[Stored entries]
[Start of section]
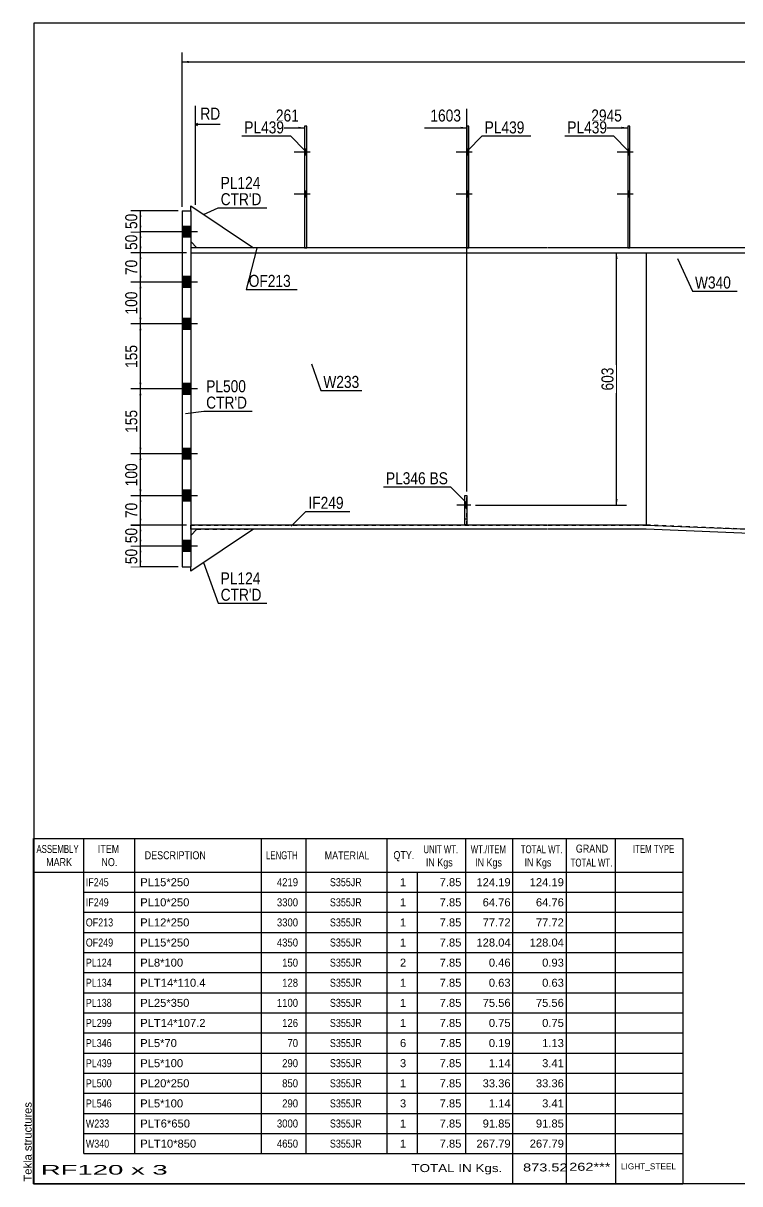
# Model space of a CAD drawing. Header units: millimetres. Extents: x -40 to 363, y -190 to 87.
# Drawn here: x -40 to 131.1, y -189.7 to 87.3 of the extents above; entities that cross this region are included whole.
import ezdxf

# ---------------------------------------------------------------- set-up
doc = ezdxf.new("R2010")
doc.units = ezdxf.units.MM
doc.linetypes.add('DXK_LINE_DOT1', pattern=[1.8814, 0.9407, -0.9407])
doc.linetypes.add('DXK_LINE_DOT2', pattern=[3.9198, 1.9599, -1.9599])
doc.styles.add('Arial', font='ARIAL.TTF', dxfattribs={"height": 0.2})
doc.styles.add('Arial Narrow', font='ARIALN.TTF', dxfattribs={"height": 0.2})

# ---------------------------------------------------------------- blocks, each defined once
blk = doc.blocks.new('Unknown-623699732-1210')
at = {"color": 5, "linetype": 'Continuous'}
for p, q in [((362.54, 87.3), (-37.46, 87.3)), ((-37.46, 87.3), (-37.46, -189.7)), ((362.54, -189.7), (362.54, 87.3)), ((-37.46, -189.7), (362.54, -189.7))]:
    blk.add_line(p, q, dxfattribs=at)
at = {"color": 174, "linetype": 'Continuous', "style": 'Arial'}
blk.add_text('Tekla structures', height=1.9102, rotation=90, dxfattribs=at).set_placement((-37.96, -189.2))
blk = doc.blocks.new('Bolt-623699732-1944 - 1712')
at = {"linetype": 'Continuous'}
for points in [[(27.7, 55.8), (27.7, 57.2), (27.2, 57.2), (27.2, 55.8)], [(27.7, 55.8), (27.7, 57.2), (27.2, 57.2), (27.2, 55.8)], [(27.7, 45.8), (27.7, 47.2), (27.2, 47.2), (27.2, 45.8)], [(27.7, 45.8), (27.7, 47.2), (27.2, 47.2), (27.2, 45.8)]]:
    blk.add_hatch(color=3, dxfattribs=at).paths.add_polyline_path(points)
at = {"color": 3, "linetype": 'Continuous'}
for p, q in [((28.5, 56.5), (24.7, 56.5)), ((28.5, 56.5), (24.7, 56.5)), ((27.7, 57.2), (27.2, 57.2)), ((27.7, 57.2), (27.2, 57.2)), ((27.7, 55.8), (27.2, 55.8)), ((27.7, 55.8), (27.2, 55.8)), ((27.7, 47.2), (27.2, 47.2)), ((27.7, 47.2), (27.2, 47.2)), ((28.5, 46.5), (24.7, 46.5)), ((28.5, 46.5), (24.7, 46.5)), ((27.7, 45.8), (27.2, 45.8)), ((27.7, 45.8), (27.2, 45.8))]:
    blk.add_line(p, q, dxfattribs=at)
blk = doc.blocks.new('Part-623699732-2024 - 1712')
at = {"color": 7, "linetype": 'DXK_LINE_DOT1'}
for p, q in [((65.4, -32.47), (65.4, -25.47)), ((65.4, -25.47), (65.9, -25.47)), ((65.9, -32.47), (65.9, -25.47)), ((65.9, -32.47), (65.4, -32.47))]:
    blk.add_line(p, q, dxfattribs=at)
blk = doc.blocks.new('Part-623699732-2078 - 1712')
at = {"color": 2, "linetype": 'Continuous'}
for p, q in [((0, 42.5), (0, 43.7)), ((0, 43.7), (15, 33.7)), ((0, 35.2), (1.5, 33.7))]:
    blk.add_line(p, q, dxfattribs=at)
at = {"color": 7, "linetype": 'DXK_LINE_DOT1'}
for p, q in [((0, 42.5), (0, 35.2)), ((15, 33.7), (1.5, 33.7))]:
    blk.add_line(p, q, dxfattribs=at)
blk = doc.blocks.new('Part-623699732-1900 - 1712')
at = {"color": 2, "linetype": 'Continuous'}
for p, q in [((27.7, 62.7), (27.2, 62.7)), ((27.2, 62.7), (27.2, 33.7)), ((27.7, 33.7), (27.7, 62.7))]:
    blk.add_line(p, q, dxfattribs=at)
at = {"color": 7, "linetype": 'DXK_LINE_DOT1'}
blk.add_line((27.2, 33.7), (27.7, 33.7), dxfattribs=at)
blk = doc.blocks.new('Part-623699732-1776 - 1712')
at = {"color": 2, "linetype": 'Continuous'}
for p, q in [((0, 33.7), (0, 32.5)), ((46.5, 33.7), (0, 33.7)), ((85.2, 33.7), (46.6, 33.7)), ((138.7, 33.7), (85.3, 33.7)), ((138.7, 32.5), (138.7, 33.7)), ((0, 32.5), (46.5, 32.5)), ((46.6, 32.5), (85.2, 32.5)), ((85.3, 32.5), (138.7, 32.5))]:
    blk.add_line(p, q, dxfattribs=at)
blk = doc.blocks.new('Part-623699732-1803 - 1712')
at = {"color": 2, "linetype": 'Continuous'}
for p, q in [((108.7, 32.5), (108.7, -32.5)), ((303.38, -51.08), (303.56, -51.09))]:
    blk.add_line(p, q, dxfattribs=at)
at = {"color": 7, "linetype": 'DXK_LINE_DOT1'}
for p, q in [((108.7, 32.5), (156.7, 32.5)), ((156.8, 32.5), (195.4, 32.5)), ((195.5, 32.5), (233.8, 32.5)), ((233.9, 32.5), (272.5, 32.5)), ((272.6, 32.5), (316.85, 32.5)), ((303.56, -51.09), (316.85, 32.5)), ((156.7, -34.48), (108.7, -32.5)), ((195.4, -38.64), (156.8, -37.05)), ((233.8, -44.16), (195.5, -42.58)), ((272.5, -49.68), (233.9, -48.09)), ((303.38, -51.08), (272.6, -49.82))]:
    blk.add_line(p, q, dxfattribs=at)
blk = doc.blocks.new('Bolt-623699732-1936 - 1712')
at = {"linetype": 'Continuous'}
blk.add_hatch(color=3, dxfattribs=at).paths.add_polyline_path([(65.9, -28.47), (65.9, -27.07), (65.4, -27.07), (65.4, -28.47)])
at = {"color": 3, "linetype": 'Continuous'}
for p, q in [((65.9, -27.07), (65.4, -27.07)), ((66.85, -27.77), (63.55, -27.77)), ((65.9, -28.47), (65.4, -28.47))]:
    blk.add_line(p, q, dxfattribs=at)
blk = doc.blocks.new('Part-623699732-1808 - 1712')
at = {"color": 2, "linetype": 'Continuous'}
for p, q in [((46.5, -32.5), (0, -32.5)), ((0, -33.5), (0, -32.5)), ((85.2, -32.5), (46.6, -32.5)), ((108.7, -32.5), (85.3, -32.5)), ((108.7, -32.5), (138.7, -33.73)), ((46.5, -33.5), (0, -33.5)), ((85.2, -33.5), (46.6, -33.5)), ((108.68, -33.5), (85.3, -33.5)), ((138.66, -34.73), (108.68, -33.5)), ((138.7, -33.73), (138.66, -34.73))]:
    blk.add_line(p, q, dxfattribs=at)
blk = doc.blocks.new('Part-623699732-1895 - 1712')
at = {"color": 2, "linetype": 'Continuous'}
for p, q in [((66.4, 62.7), (65.9, 62.7)), ((65.9, 62.7), (65.9, 33.7)), ((66.4, 33.7), (66.4, 62.7))]:
    blk.add_line(p, q, dxfattribs=at)
at = {"color": 7, "linetype": 'DXK_LINE_DOT1'}
blk.add_line((65.9, 33.7), (66.4, 33.7), dxfattribs=at)
blk = doc.blocks.new('Part-623699732-1905 - 1712')
at = {"color": 2, "linetype": 'Continuous'}
for p, q in [((104.8, 62.7), (104.3, 62.7)), ((104.3, 62.7), (104.3, 33.7)), ((104.8, 33.7), (104.8, 62.7))]:
    blk.add_line(p, q, dxfattribs=at)
at = {"color": 7, "linetype": 'DXK_LINE_DOT1'}
blk.add_line((104.3, 33.7), (104.8, 33.7), dxfattribs=at)
blk = doc.blocks.new('Bolt-623699732-1937 - 1712')
at = {"color": 3, "linetype": 'DXK_LINE_DOT2'}
for p, q in [((65.9, -27.07), (65.4, -27.07)), ((66.85, -27.77), (63.55, -27.77)), ((65.9, -28.47), (65.4, -28.47))]:
    blk.add_line(p, q, dxfattribs=at)
blk = doc.blocks.new('Part-623699732-2107 - 1712')
at = {"color": 2, "linetype": 'Continuous'}
for p, q in [((-2, 42.5), (0, 42.5)), ((-2, 42.5), (-2, -42.5)), ((0, 42.5), (0, -42.5)), ((-2, -42.5), (0, -42.5))]:
    blk.add_line(p, q, dxfattribs=at)
blk = doc.blocks.new('Part-623699732-2002 - 1712')
at = {"color": 2, "linetype": 'Continuous'}
for p, q in [((65.4, -32.47), (65.4, -25.47)), ((65.4, -25.47), (65.9, -25.47)), ((65.9, -25.47), (65.9, -32.47)), ((65.9, -32.47), (65.4, -32.47))]:
    blk.add_line(p, q, dxfattribs=at)
at = {"color": 7, "linetype": 'DXK_LINE_DOT1'}
blk.add_line((65.4, -30.97), (65.9, -30.97), dxfattribs=at)
blk = doc.blocks.new('Bolt-623699732-1941 - 1712')
at = {"linetype": 'Continuous'}
for points in [[(-2, 38.8), (-2, 36.2), (0, 36.2), (0, 38.8)], [(-2, 38.8), (-2, 36.2), (0, 36.2), (0, 38.8)], [(-2, 26.8), (-2, 24.2), (0, 24.2), (0, 26.8)], [(-2, 26.8), (-2, 24.2), (0, 24.2), (0, 26.8)], [(-2, 16.8), (-2, 14.2), (0, 14.2), (0, 16.8)], [(-2, 16.8), (-2, 14.2), (0, 14.2), (0, 16.8)], [(-2, 1.3), (-2, -1.3), (0, -1.3), (0, 1.3)], [(-2, 1.3), (-2, -1.3), (0, -1.3), (0, 1.3)], [(-2, -14.2), (-2, -16.8), (0, -16.8), (0, -14.2)], [(-2, -14.2), (-2, -16.8), (0, -16.8), (0, -14.2)], [(-2, -24.2), (-2, -26.8), (0, -26.8), (0, -24.2)], [(-2, -24.2), (-2, -26.8), (0, -26.8), (0, -24.2)], [(-2, -36.2), (-2, -38.8), (0, -38.8), (0, -36.2)], [(-2, -36.2), (-2, -38.8), (0, -38.8), (0, -36.2)]]:
    blk.add_hatch(color=3, dxfattribs=at).paths.add_polyline_path(points)
at = {"color": 3, "linetype": 'Continuous'}
for p, q in [((0, 38.8), (-2, 38.8)), ((0, 38.8), (-2, 38.8)), ((1.59, 37.5), (-9, 37.5)), ((1.59, 37.5), (-9, 37.5)), ((0, 36.2), (-2, 36.2)), ((0, 36.2), (-2, 36.2)), ((1.59, 25.5), (-9, 25.5)), ((1.59, 25.5), (-9, 25.5)), ((0, 26.8), (-2, 26.8)), ((0, 26.8), (-2, 26.8)), ((0, 24.2), (-2, 24.2)), ((0, 24.2), (-2, 24.2)), ((0, 16.8), (-2, 16.8)), ((0, 16.8), (-2, 16.8)), ((1.59, 15.5), (-9, 15.5)), ((1.59, 15.5), (-9, 15.5)), ((0, 14.2), (-2, 14.2)), ((0, 14.2), (-2, 14.2)), ((1.59, 0), (-9, 0)), ((1.59, 0), (-9, 0)), ((0, 1.3), (-2, 1.3)), ((0, 1.3), (-2, 1.3)), ((0, -1.3), (-2, -1.3)), ((0, -1.3), (-2, -1.3)), ((1.59, -15.5), (-9, -15.5)), ((1.59, -15.5), (-9, -15.5)), ((0, -14.2), (-2, -14.2)), ((0, -14.2), (-2, -14.2)), ((0, -16.8), (-2, -16.8)), ((0, -16.8), (-2, -16.8)), ((0, -24.2), (-2, -24.2)), ((0, -24.2), (-2, -24.2)), ((1.59, -25.5), (-9, -25.5)), ((1.59, -25.5), (-9, -25.5)), ((0, -26.8), (-2, -26.8)), ((0, -26.8), (-2, -26.8)), ((1.59, -37.5), (-9, -37.5)), ((1.59, -37.5), (-9, -37.5)), ((0, -36.2), (-2, -36.2)), ((0, -36.2), (-2, -36.2)), ((0, -38.8), (-2, -38.8)), ((0, -38.8), (-2, -38.8))]:
    blk.add_line(p, q, dxfattribs=at)
blk = doc.blocks.new('Bolt-623699732-1943 - 1712')
at = {"linetype": 'Continuous'}
for points in [[(104.8, 55.8), (104.8, 57.2), (104.3, 57.2), (104.3, 55.8)], [(104.8, 55.8), (104.8, 57.2), (104.3, 57.2), (104.3, 55.8)], [(104.8, 45.8), (104.8, 47.2), (104.3, 47.2), (104.3, 45.8)], [(104.8, 45.8), (104.8, 47.2), (104.3, 47.2), (104.3, 45.8)]]:
    blk.add_hatch(color=3, dxfattribs=at).paths.add_polyline_path(points)
at = {"color": 3, "linetype": 'Continuous'}
for p, q in [((105.6, 56.5), (101.8, 56.5)), ((105.6, 56.5), (101.8, 56.5)), ((104.8, 57.2), (104.3, 57.2)), ((104.8, 57.2), (104.3, 57.2)), ((104.8, 55.8), (104.3, 55.8)), ((104.8, 55.8), (104.3, 55.8)), ((104.8, 47.2), (104.3, 47.2)), ((104.8, 47.2), (104.3, 47.2)), ((105.6, 46.5), (101.8, 46.5)), ((105.6, 46.5), (101.8, 46.5)), ((104.8, 45.8), (104.3, 45.8)), ((104.8, 45.8), (104.3, 45.8))]:
    blk.add_line(p, q, dxfattribs=at)
blk = doc.blocks.new('Bolt-623699732-1945 - 1712')
at = {"linetype": 'Continuous'}
for points in [[(66.4, 55.8), (66.4, 57.2), (65.9, 57.2), (65.9, 55.8)], [(66.4, 55.8), (66.4, 57.2), (65.9, 57.2), (65.9, 55.8)], [(66.4, 45.8), (66.4, 47.2), (65.9, 47.2), (65.9, 45.8)], [(66.4, 45.8), (66.4, 47.2), (65.9, 47.2), (65.9, 45.8)]]:
    blk.add_hatch(color=3, dxfattribs=at).paths.add_polyline_path(points)
at = {"color": 3, "linetype": 'Continuous'}
for p, q in [((67.2, 56.5), (63.4, 56.5)), ((67.2, 56.5), (63.4, 56.5)), ((66.4, 57.2), (65.9, 57.2)), ((66.4, 57.2), (65.9, 57.2)), ((66.4, 55.8), (65.9, 55.8)), ((66.4, 55.8), (65.9, 55.8)), ((66.4, 47.2), (65.9, 47.2)), ((66.4, 47.2), (65.9, 47.2)), ((67.2, 46.5), (63.4, 46.5)), ((67.2, 46.5), (63.4, 46.5)), ((66.4, 45.8), (65.9, 45.8)), ((66.4, 45.8), (65.9, 45.8))]:
    blk.add_line(p, q, dxfattribs=at)
blk = doc.blocks.new('Part-623699732-1980 - 1712')
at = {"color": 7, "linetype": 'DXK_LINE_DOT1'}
[End of section]
● **Task objective**: What lines of the data include the word "pattern"? Copy each of them.

● **Solution**:
doc.linetypes.add('DXK_LINE_DOT1', pattern=[1.8814, 0.9407, -0.9407])
doc.linetypes.add('DXK_LINE_DOT2', pattern=[3.9198, 1.9599, -1.9599])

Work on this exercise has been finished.